古希腊哲学家说“人不能两次踏入同一条河流”,如果相似之处只是少数,还可以说是巧合,但如此之多的高度相似之处,这就不得不引人深思了。

曾仕强:《易经》的智慧

有一段历史,我相信大家都很熟悉,就是商朝本来也是一个很好的朝代,但是传到商纣王的时候,我们都知道纣王的品性很差,暴虐无道,做出很多老百姓非常不喜欢的事情。所以当时的老百姓反而比较欢迎周西伯,也就是周文王。

周西伯很得民心,所以商纣王对他有点害怕,就假借一些理由把他抓起来关在羑里。他在牢里开始替《易经》写一些经文。
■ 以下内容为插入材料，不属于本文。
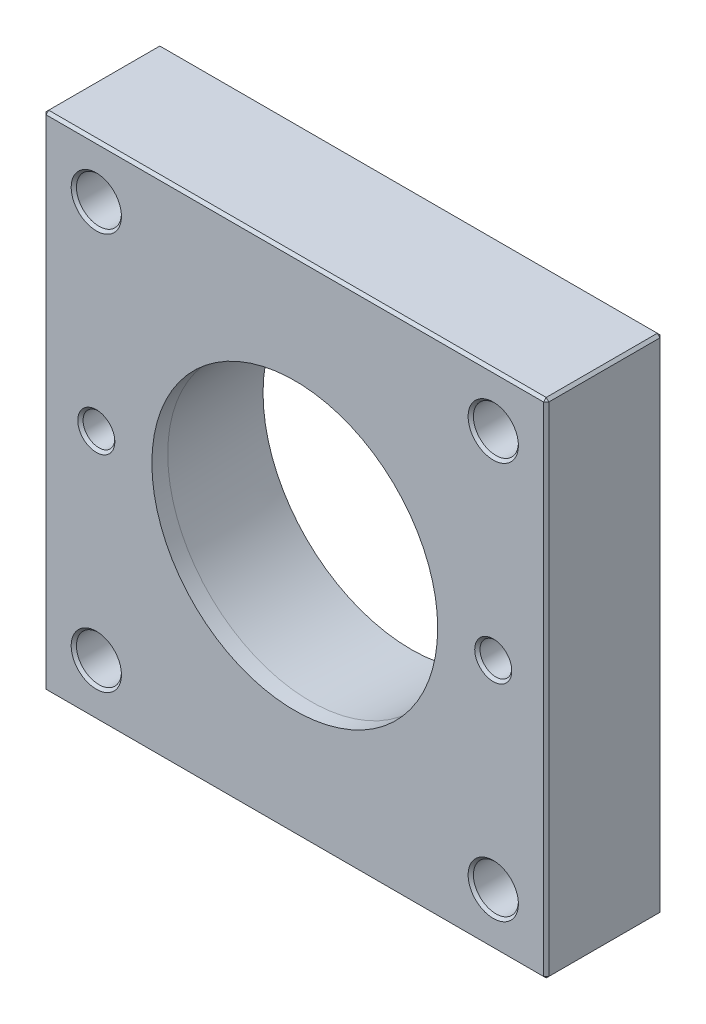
ISO-10303-21;
HEADER;
FILE_DESCRIPTION(('STEP AP214'),'2;1');
FILE_NAME('part.step','',(''),(''),'','','');
FILE_SCHEMA(('AUTOMOTIVE_DESIGN { 1 0 10303 214 1 1 1 1 }'));
ENDSEC;
DATA;
#1=APPLICATION_CONTEXT('core data for automotive mechanical design processes');
#2=APPLICATION_PROTOCOL_DEFINITION('international standard','automotive_design',2000,#1);
#3=PRODUCT_CONTEXT('',#1,'mechanical');
#4=PRODUCT('Part','Part','',(#3));
#5=PRODUCT_RELATED_PRODUCT_CATEGORY('part','',(#4));
#6=PRODUCT_DEFINITION_FORMATION('','',#4);
#7=PRODUCT_DEFINITION_CONTEXT('part definition',#1,'design');
#8=PRODUCT_DEFINITION('design','',#6,#7);
#9=PRODUCT_DEFINITION_SHAPE('','',#8);
#10=(LENGTH_UNIT() NAMED_UNIT(*) SI_UNIT(.MILLI.,.METRE.));
#11=(NAMED_UNIT(*) PLANE_ANGLE_UNIT() SI_UNIT($,.RADIAN.));
#12=(NAMED_UNIT(*) SI_UNIT($,.STERADIAN.) SOLID_ANGLE_UNIT());
#13=UNCERTAINTY_MEASURE_WITH_UNIT(LENGTH_MEASURE(1.E-05),#10,'distance_accuracy_value','');
#14=(GEOMETRIC_REPRESENTATION_CONTEXT(3) GLOBAL_UNCERTAINTY_ASSIGNED_CONTEXT((#13)) GLOBAL_UNIT_ASSIGNED_CONTEXT((#10,
#11,#12)) REPRESENTATION_CONTEXT('',''));
#15=CARTESIAN_POINT('',(0.,0.,0.));
#16=DIRECTION('',(0.,0.,1.));
#17=DIRECTION('',(1.,0.,0.));
#18=AXIS2_PLACEMENT_3D('',#15,#16,#17);
#19=CARTESIAN_POINT('',(-47.5,-47.5,-22.));
#20=DIRECTION('',(0.,0.,-1.));
#21=DIRECTION('',(-1.,0.,0.));
#22=AXIS2_PLACEMENT_3D('',#19,#20,#21);
#23=PLANE('',#22);
#24=DIRECTION('',(0.,1.,0.));
#25=VECTOR('',#24,1.);
#26=CARTESIAN_POINT('',(-47.,47.5,-22.));
#27=LINE('',#26,#25);
#28=CARTESIAN_POINT('',(-47.,-47.,-22.));
#29=VERTEX_POINT('',#28);
#30=CARTESIAN_POINT('',(-47.,47.,-22.));
#31=VERTEX_POINT('',#30);
#32=EDGE_CURVE('E175',#29,#31,#27,.T.);
#33=ORIENTED_EDGE('',*,*,#32,.T.);
#34=DIRECTION('',(1.,0.,0.));
#35=VECTOR('',#34,1.);
#36=CARTESIAN_POINT('',(-47.5,47.,-22.));
#37=LINE('',#36,#35);
#38=CARTESIAN_POINT('',(47.,47.,-22.));
#39=VERTEX_POINT('',#38);
#40=EDGE_CURVE('E140',#31,#39,#37,.T.);
#41=ORIENTED_EDGE('',*,*,#40,.T.);
#42=DIRECTION('',(0.,-1.,0.));
#43=VECTOR('',#42,1.);
#44=CARTESIAN_POINT('',(47.,-47.5,-22.));
#45=LINE('',#44,#43);
#46=CARTESIAN_POINT('',(47.,-47.,-22.));
#47=VERTEX_POINT('',#46);
#48=EDGE_CURVE('E177',#39,#47,#45,.T.);
#49=ORIENTED_EDGE('',*,*,#48,.T.);
#50=DIRECTION('',(-1.,0.,0.));
#51=VECTOR('',#50,1.);
#52=CARTESIAN_POINT('',(-47.5,-47.,-22.));
#53=LINE('',#52,#51);
#54=EDGE_CURVE('E170',#47,#29,#53,.T.);
#55=ORIENTED_EDGE('',*,*,#54,.T.);
#56=EDGE_LOOP('',(#33,#41,#49,#55));
#57=FACE_BOUND('',#56,.T.);
#58=CARTESIAN_POINT('',(37.5,37.5,-22.));
#59=DIRECTION('',(0.,0.,-1.));
#60=DIRECTION('',(-1.,0.,0.));
#61=AXIS2_PLACEMENT_3D('',#58,#59,#60);
#62=CIRCLE('',#61,4.75000000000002);
#63=CARTESIAN_POINT('',(32.75,37.5,-22.));
#64=VERTEX_POINT('',#63);
#65=EDGE_CURVE('E334',#64,#64,#62,.F.);
#66=ORIENTED_EDGE('',*,*,#65,.T.);
#67=EDGE_LOOP('',(#66));
#68=FACE_BOUND('',#67,.T.);
#69=CARTESIAN_POINT('',(-37.5,37.5,-22.));
#70=DIRECTION('',(0.,0.,-1.));
#71=DIRECTION('',(-1.,0.,0.));
#72=AXIS2_PLACEMENT_3D('',#69,#70,#71);
#73=CIRCLE('',#72,4.75000000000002);
#74=CARTESIAN_POINT('',(-42.25,37.5,-22.));
#75=VERTEX_POINT('',#74);
#76=EDGE_CURVE('E331',#75,#75,#73,.F.);
#77=ORIENTED_EDGE('',*,*,#76,.T.);
#78=EDGE_LOOP('',(#77));
#79=FACE_BOUND('',#78,.T.);
#80=CARTESIAN_POINT('',(-37.5,0.,-22.));
#81=DIRECTION('',(0.,0.,-1.));
#82=DIRECTION('',(-1.,0.,0.));
#83=AXIS2_PLACEMENT_3D('',#80,#81,#82);
#84=CIRCLE('',#83,3.50000000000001);
#85=CARTESIAN_POINT('',(-41.,0.,-22.));
#86=VERTEX_POINT('',#85);
#87=EDGE_CURVE('E328',#86,#86,#84,.F.);
#88=ORIENTED_EDGE('',*,*,#87,.T.);
#89=EDGE_LOOP('',(#88));
#90=FACE_BOUND('',#89,.T.);
#91=CARTESIAN_POINT('',(37.5,0.,-22.));
#92=DIRECTION('',(0.,0.,-1.));
#93=DIRECTION('',(-1.,0.,0.));
#94=AXIS2_PLACEMENT_3D('',#91,#92,#93);
#95=CIRCLE('',#94,3.50000000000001);
#96=CARTESIAN_POINT('',(34.,0.,-22.));
#97=VERTEX_POINT('',#96);
#98=EDGE_CURVE('E325',#97,#97,#95,.F.);
#99=ORIENTED_EDGE('',*,*,#98,.T.);
#100=EDGE_LOOP('',(#99));
#101=FACE_BOUND('',#100,.T.);
#102=CARTESIAN_POINT('',(37.5,-37.5,-22.));
#103=DIRECTION('',(0.,0.,-1.));
#104=DIRECTION('',(-1.,0.,0.));
#105=AXIS2_PLACEMENT_3D('',#102,#103,#104);
#106=CIRCLE('',#105,4.75000000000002);
#107=CARTESIAN_POINT('',(32.75,-37.5,-22.));
#108=VERTEX_POINT('',#107);
#109=EDGE_CURVE('E322',#108,#108,#106,.F.);
#110=ORIENTED_EDGE('',*,*,#109,.T.);
#111=EDGE_LOOP('',(#110));
#112=FACE_BOUND('',#111,.T.);
#113=CARTESIAN_POINT('',(-37.5,-37.5,-22.));
#114=DIRECTION('',(0.,0.,-1.));
#115=DIRECTION('',(-1.,0.,0.));
#116=AXIS2_PLACEMENT_3D('',#113,#114,#115);
#117=CIRCLE('',#116,4.75000000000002);
#118=CARTESIAN_POINT('',(-42.25,-37.5,-22.));
#119=VERTEX_POINT('',#118);
#120=EDGE_CURVE('E319',#119,#119,#117,.F.);
#121=ORIENTED_EDGE('',*,*,#120,.T.);
#122=EDGE_LOOP('',(#121));
#123=FACE_BOUND('',#122,.T.);
#124=CARTESIAN_POINT('',(0.,0.,-22.));
#125=DIRECTION('',(0.,0.,-1.));
#126=DIRECTION('',(-1.,0.,0.));
#127=AXIS2_PLACEMENT_3D('',#124,#125,#126);
#128=CIRCLE('',#127,27.9957478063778);
#129=CARTESIAN_POINT('',(-27.9957478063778,0.,-22.));
#130=VERTEX_POINT('',#129);
#131=EDGE_CURVE('E266',#130,#130,#128,.F.);
#132=ORIENTED_EDGE('',*,*,#131,.T.);
#133=EDGE_LOOP('',(#132));
#134=FACE_BOUND('',#133,.T.);
#135=ADVANCED_FACE('F45',(#57,#68,#79,#90,#101,#112,#123,#134),#23,.T.);
#136=CARTESIAN_POINT('',(-47.5,-47.5,0.));
#137=DIRECTION('',(0.,0.,-1.));
#138=DIRECTION('',(-1.,0.,0.));
#139=AXIS2_PLACEMENT_3D('',#136,#137,#138);
#140=PLANE('',#139);
#141=DIRECTION('',(0.,1.,0.));
#142=VECTOR('',#141,1.);
#143=CARTESIAN_POINT('',(47.,-47.5,0.));
#144=LINE('',#143,#142);
#145=CARTESIAN_POINT('',(47.,-47.,0.));
#146=VERTEX_POINT('',#145);
#147=CARTESIAN_POINT('',(47.,47.,0.));
#148=VERTEX_POINT('',#147);
#149=EDGE_CURVE('E184',#146,#148,#144,.T.);
#150=ORIENTED_EDGE('',*,*,#149,.T.);
#151=DIRECTION('',(-1.,0.,0.));
#152=VECTOR('',#151,1.);
#153=CARTESIAN_POINT('',(-47.5,47.,0.));
#154=LINE('',#153,#152);
#155=CARTESIAN_POINT('',(-47.,47.,0.));
#156=VERTEX_POINT('',#155);
#157=EDGE_CURVE('E186',#148,#156,#154,.T.);
#158=ORIENTED_EDGE('',*,*,#157,.T.);
#159=DIRECTION('',(0.,-1.,0.));
#160=VECTOR('',#159,1.);
#161=CARTESIAN_POINT('',(-47.,-47.5,0.));
#162=LINE('',#161,#160);
#163=CARTESIAN_POINT('',(-47.,-47.,0.));
#164=VERTEX_POINT('',#163);
#165=EDGE_CURVE('E182',#156,#164,#162,.T.);
#166=ORIENTED_EDGE('',*,*,#165,.T.);
#167=DIRECTION('',(1.,0.,0.));
#168=VECTOR('',#167,1.);
#169=CARTESIAN_POINT('',(47.5,-47.,0.));
#170=LINE('',#169,#168);
#171=EDGE_CURVE('E180',#164,#146,#170,.T.);
#172=ORIENTED_EDGE('',*,*,#171,.T.);
#173=EDGE_LOOP('',(#150,#158,#166,#172));
#174=FACE_BOUND('',#173,.T.);
#175=CARTESIAN_POINT('',(-37.5,37.5,0.));
#176=DIRECTION('',(0.,0.,-1.));
#177=DIRECTION('',(-1.,0.,0.));
#178=AXIS2_PLACEMENT_3D('',#175,#176,#177);
#179=CIRCLE('',#178,4.75000000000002);
#180=CARTESIAN_POINT('',(-42.25,37.5,0.));
#181=VERTEX_POINT('',#180);
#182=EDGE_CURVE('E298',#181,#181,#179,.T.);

周西伯把自己累积起来的宝贵人生经验,透过六十四卦保存下来。六十四卦每个卦他都写有卦辞,每卦六爻,每一爻也都写有爻辞来说明,就成为最早的《易经》。因为在伏羲当年是没有文字的,那时候只有简单的符号,可以说是无字天书。所以真正写成《易经》的是周文王,他在牢里头很费苦心,是一个字一个字斟酌完成的。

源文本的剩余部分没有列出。